# R32 GTR 4wd problem



## Rockon (Jan 28, 2006)

Hello all.

I have a 92 mod skyline R32 GTR. Just changed the engine and gearbox from one body to another, but now we cant get the 4wd to kick in. We have checked fuses etc... Any suggestion what might be wrong??


----------



## JAY-R32 (Sep 1, 2003)

Checked fluid level in boot ????


----------



## RaceBreedImport (Mar 28, 2009)

Rockon said:


> Hello all.
> 
> I have a 92 mod skyline R32 GTR. Just changed the engine and gearbox from one body to another, but now we cant get the 4wd to kick in. We have checked fuses etc... Any suggestion what might be wrong??

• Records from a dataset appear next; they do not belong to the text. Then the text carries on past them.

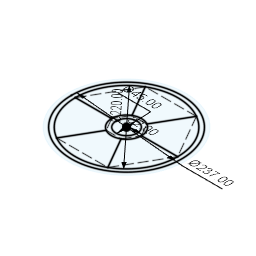
RadioactiveCAM (Autodesk Fusion 360 design; units mm, degrees)
Autodesk Fusion 360 part; units mm, degrees
sketch "Sketch1" plane through (0, 0, 0) normal (0, 0, 1) x (1, 0, 0)
  circle A0 centre (0, 0) radius 127
  dimension "d1" = 254
  constraint coincident A0.centre origin
  measures "d1" diameter of A0
extrude "Extrude1" add sketch "Sketch1" along normal blind 15.5
sketch "Sketch2" plane through (0, 0, 15.5) normal (0, 0, 1) x (-1, 0, 0)
  circle A0 centre (0, 0) radius 127
  circle A1 centre (0, 0) radius 22.5
  line L0 (-32, 0) -> (-16, -27.7128) construction
  line L1 (-16, -27.7128) -> (16, -27.7128) construction
  line L2 (16, -27.7128) -> (32, 0) construction
  line L3 (32, 0) -> (16, 27.7128) construction
  line L4 (16, 27.7128) -> (-16, 27.7128) construction
  line L5 (-16, 27.7128) -> (-32, 0) construction
  circle A2 centre (0, 0) radius 110
  line L6 (-32, 0) -> (-110, 0)
  line L7 (32, 0) -> (110, 0)
  line L8 (-16, -27.7128) -> (-55, -95.2628)
  line L9 (16, -27.7128) -> (55, -95.2628)
  line L10 (-55, -95.2628) -> (-110, 0) construction
  line L11 (55, -95.2628) -> (110, 0) construction
  line L12 (-16, 27.7128) -> (-55, 95.2628)
  line L13 (16, 27.7128) -> (55, 95.2628)
  line L14 (55, 95.2628) -> (-55, 95.2628) construction
  line L15 (-110, 0) -> (-55, 95.2628) construction
  line L16 (-55, -95.2628) -> (55, -95.2628) construction
  circle A3 centre (0, 0) radius 32
  circle A4 centre (0, 0) radius 118.5
  dimension "d4" = 45
  dimension "d5" = 32
  dimension "d6" = 220
  dimension "d7" = 237
  constraint concentric A0 A1
  constraint coincident A0.centre A1.centre
  constraint horizontal L4
  constraint concentric A0 A2
  constraint coincident A2 L6.end
  constraint horizontal L6
  constraint coincident A2 L7.end
  constraint horizontal L7
  constraint coincident A2 L8.end
  constraint coincident A2 L9.end
  constraint coincident A2 L12.end
  constraint coincident A2 L13.end
  constraint equal L10 L11
  constraint equal L10 L14
  constraint horizontal L14
  constraint equal L15 L16
  constraint concentric A1 A3
  constraint coincident L0.end A3
  constraint concentric A3 A4
  measures "d4" diameter of A1
  measures "d5" distance of L0.start A0.centre
  measures "d6" diameter of A2
  measures "d7" diameter of A4
extrude "Extrude3" [suppressed]
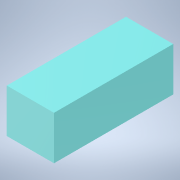
# Autodesk Inventor part: Contenedor A
Saved by Autodesk Inventor 2020.3 (Build 243373000, 373)
## iProperties
Created: 2020-07-23
Part Number: Contenedor A
Material: ABS Plastic
Document SubType Name: Modeling
Designer: juanp
Density: 1.06 g/cm^3
Appearance: Smooth - White
Mass: 364.071 g
Surface Area: 1693.63 cm^2
Volume: 343.463 cm^3
Author: juanp
Autodesk Inventor part; units mm, degrees
ref_plane "YZ Plane" through (0, 0, 0) normal (1, 0, 0) x (0, 1, 0)
ref_plane "XZ Plane" through (0, 0, 0) normal (0, 1, 0) x (-1, 0, 0)
ref_plane "XY Plane" through (0, 0, 0) normal (0, 0, 1) x (1, 0, 0)
sketch "Sketch1" plane through (0, 0, 0) normal (0, 1, 0) x (-1, 0, 0)
  line L0 (0, 0) -> (-80, 0)
  line L1 (-80, 0) -> (-80, -202)
  line L2 (-80, -202) -> (0, -202)
  line L3 (0, -202) -> (0, 0)
  line L4 (-4, -4) -> (-38, -4)
  line L5 (-38, -4) -> (-38, -39.6)
  line L6 (-38, -39.6) -> (-4, -39.6)
  line L7 (-4, -39.6) -> (-4, -4)
  line L8 (-4, -43.6) -> (-38, -43.6)
  line L9 (-38, -43.6) -> (-38, -79.2)
  line L10 (-38, -79.2) -> (-4, -79.2)
  line L11 (-4, -79.2) -> (-4, -43.6)
  line L12 (-4, -83.2) -> (-38, -83.2)
  line L13 (-38, -83.2) -> (-38, -118.8)
  line L14 (-38, -118.8) -> (-4, -118.8)
  line L15 (-4, -118.8) -> (-4, -83.2)
  line L16 (-4, -122.8) -> (-38, -122.8)
  line L17 (-38, -122.8) -> (-38, -158.4)
  line L18 (-38, -158.4) -> (-4, -158.4)
  line L19 (-4, -158.4) -> (-4, -122.8)
  line L20 (-42, -158.4) -> (-42, -122.8)
  line L21 (-42, -122.8) -> (-76, -122.8)
  line L22 (-76, -122.8) -> (-76, -158.4)
  line L23 (-76, -158.4) -> (-42, -158.4)
  line L24 (-76, -118.8) -> (-42, -118.8)
  line L25 (-76, -83.2) -> (-76, -118.8)
  line L26 (-42, -118.8) -> (-42, -83.2)
  line L27 (-42, -83.2) -> (-76, -83.2)
  line L28 (-76, -79.2) -> (-42, -79.2)
  line L29 (-76, -43.6) -> (-76, -79.2)
  line L30 (-42, -79.2) -> (-42, -43.6)
  line L31 (-42, -43.6) -> (-76, -43.6)
  line L32 (-76, -39.6) -> (-42, -39.6)
  line L33 (-42, -4) -> (-76, -4)
  line L34 (-42, -39.6) -> (-42, -4)
  line L35 (-76, -4) -> (-76, -39.6)
  line L36 (-4, -162.4) -> (-76, -162.4)
  line L37 (-76, -162.4) -> (-76, -198)
  line L38 (-76, -198) -> (-4, -198)
  line L39 (-4, -198) -> (-4, -162.4)
  point P0 (0, 0)
  dimension "d8" = 34
  dimension "d9" = 35.6
  dimension "d10" = 4
  dimension "d11" = 4
  dimension "d12" = 39.6
  dimension "d20" = 38
  dimension "d25" = 35.6
  dimension "d26" = 4
  dimension "d27" = 4
  dimension "d28" = 4
  dimension "d29" = 4
  dimension "d30" = 4
  constraints: 80 end point, 6 parallel, 4 horizontal, 3 perpendicular, 2 point on line, 1 vertical, 56 other
  measures "d8" distance of L6.end L6.start
  measures "d9" distance of L6.start L5.start
  measures "d10" distance between parallel lines of L0 L4
  measures "d11" distance between parallel lines of L3 L7
  measures "d12" distance of L4.start L8.start
  measures "d20" distance of L19.start L20.start
  measures "d25" distance of L38.end L36.start
  measures "d26" distance between parallel lines of L18 L36
  measures "d27" distance between parallel lines of L3 L39
  measures "d28" distance between parallel lines of L1 L35
  measures "d29" distance between parallel lines of L1 L37
  measures "d30" distance between parallel lines of L2 L38
extrude "Extrusion1" add sketch "Sketch1" along normal blind 70
sketch "Sketch2" plane through (0, 70, 0) normal (0, 1, 0) x (1, 0, 0)
  line L0 (0, 202) -> (0, 0) projected
  line L1 (0, 0) -> (80, 0) projected
  line L2 (80, 0) -> (80, 202) projected
  line L3 (80, 202) -> (0, 202) projected
extrude "Extrusion2" add sketch "Sketch2" along normal blind 4
fillet "Fillet1" radius 15 36 edges at (76, 70, -180.2) (40, 70, -162.4) (4, 70, -180.2) (40, 70, -198) (76, 70, -21.8) (59, 70, -4) (21, 70, -4) (38, 70, -21.8) (59, 70, -43.6) (76, 70, -61.4) (21, 70, -43.6) (38, 70, -61.4) (21, 70, -83.2) (38, 70, -101) (59, 70, -83.2) (76, 70, -101) (59, 70, -122.8) (76, 70, -140.6) (21, 70, -122.8) (38, 70, -140.6) (4, 70, -21.8) (21, 70, -39.6) (42, 70, -21.8) (59, 70, -39.6) (42, 70, -61.4) (59, 70, -79.2) (4, 70, -61.4) (21, 70, -79.2) (4, 70, -101) (21, 70, -118.8) (42, 70, -101) (59, 70, -118.8) (42, 70, -140.6) (59, 70, -158.4) (4, 70, -140.6) (21, 70, -158.4)
body "Solid1"

I have had this problem on my car.. you must find the pinout diagram for the ECU, im not sure witch pin it was, but you should find one tiny wire that gives the preamp signal to the ECCS boks in the back.. Mine was broken inside the original wieringloom, and a right pain in the ass to find.. When it happened to another GTR32 a buddy have, we just made a new one under the carpet..


----------



## freakazoid3 (Jan 19, 2008)

Did you unplug the wire on the driverside footwell to make the attesa pump work continue and removed all the air from the attesa system and rack under the car?


----------



## RaceBreedImport (Mar 28, 2009)

freakazoid3 said:


> Did you unplug the wire on the driverside footwell to make the attesa pump work continue and removed all the air from the attesa system and rack under the car?


good point dont do the difficult job first :thumbsup:


----------